- PROBLEM DESCRIPTION
Your answer should be the lines of the listing that contain the word "Trigonometry".

- EXTRACTED DATA
________
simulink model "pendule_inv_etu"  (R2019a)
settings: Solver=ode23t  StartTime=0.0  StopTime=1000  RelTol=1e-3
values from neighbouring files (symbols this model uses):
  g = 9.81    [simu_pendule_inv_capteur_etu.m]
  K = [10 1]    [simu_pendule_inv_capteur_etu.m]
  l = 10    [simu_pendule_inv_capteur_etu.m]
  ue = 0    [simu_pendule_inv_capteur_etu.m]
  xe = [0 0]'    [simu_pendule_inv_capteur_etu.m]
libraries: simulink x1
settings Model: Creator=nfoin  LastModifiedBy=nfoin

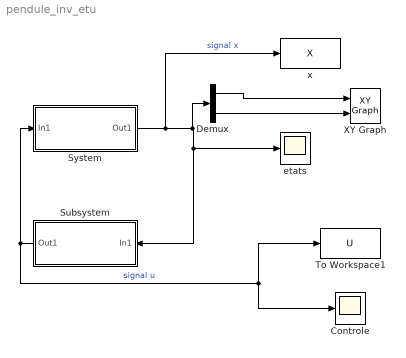
== system pendule_inv_etu ==
  Controle : Scope
  Demux : Demux  Outputs=2
  Subsystem : Subsystem
  System : Subsystem
  To Workspace1 : ToWorkspace  VariableName=U  SaveFormat=Timeseries  SampleTime=-1
  XY Graph : simulink/Sinks/XY Graph  xmin=-1  xmax=1  ymin=-1  ymax=1  st=-1
  etats : Scope
  x : ToWorkspace  VariableName=X  SaveFormat=Timeseries  SampleTime=-1
  wires:
  System/1(Out1) -> x/1, Demux/1, Subsystem/1(In1), etats/1  "signal x"
  Subsystem/1(Out1) -> System/1(In1), To Workspace1/1, Controle/1  "signal u"
  Demux/1 -> XY Graph/1
  Demux/2 -> XY Graph/2

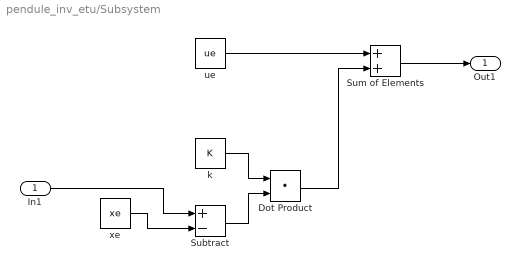
== system pendule_inv_etu/Subsystem ==
  In1 : Inport
  Dot Product : DotProduct  InputSameDT=on  OutDataTypeStr=Inherit: Inherit via internal rule
  Subtract : Sum  Inputs=+-
  Sum of Elements : Sum
  k : Constant  Value=K
  ue : Constant  Value=ue
  xe : Constant  Value=xe
  Out1 : Outport
  wires:
  ue/1 -> Sum of Elements/1
  In1/1 -> Subtract/1
  xe/1 -> Subtract/2
  k/1 -> Dot Product/1
  Subtract/1 -> Dot Product/2
  Dot Product/1 -> Sum of Elements/2
  Sum of Elements/1 -> Out1/1

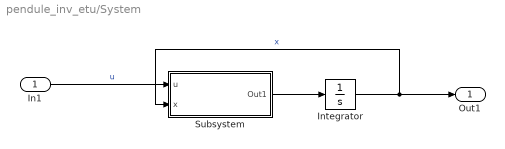
== system pendule_inv_etu/System ==
  In1 : Inport
  Integrator : Integrator  InitialCondition=-1
  Subsystem : Subsystem
  Out1 : Outport
  wires:
  In1/1 -> Subsystem/1(u)  "u"
  Subsystem/1(Out1) -> Integrator/1
  Integrator/1 -> Subsystem/2(x), Out1/1  "x"

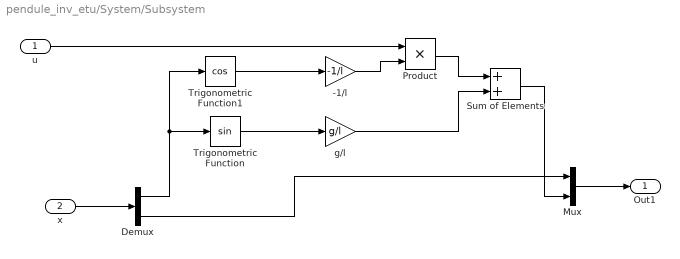
== system pendule_inv_etu/System/Subsystem ==
  u : Inport
  x : Inport  Port=2
  -1/l : Gain  Gain=-1/l
  Demux : Demux  Outputs=2
  Mux : Mux  Inputs=2
  Product : Product
  Sum of Elements : Sum
  Trigonometric Function : Trigonometry
  Trigonometric Function1 : Trigonometry  Operator=cos
  g/l : Gain  Gain=g/l
  Out1 : Outport
  wires:
  x/1 -> Demux/1
  Demux/1 -> Trigonometric Function1/1, Trigonometric Function/1
  Mux/1 -> Out1/1
  Trigonometric Function/1 -> g/l/1
  Demux/2 -> Mux/1
  Trigonometric Function1/1 -> -1/l/1
  -1/l/1 -> Product/2
  Product/1 -> Sum of Elements/1
  g/l/1 -> Sum of Elements/2
  u/1 -> Product/1
  Sum of Elements/1 -> Mux/2
________
- ANSWER BOX
  Trigonometric Function : Trigonometry
  Trigonometric Function1 : Trigonometry  Operator=cos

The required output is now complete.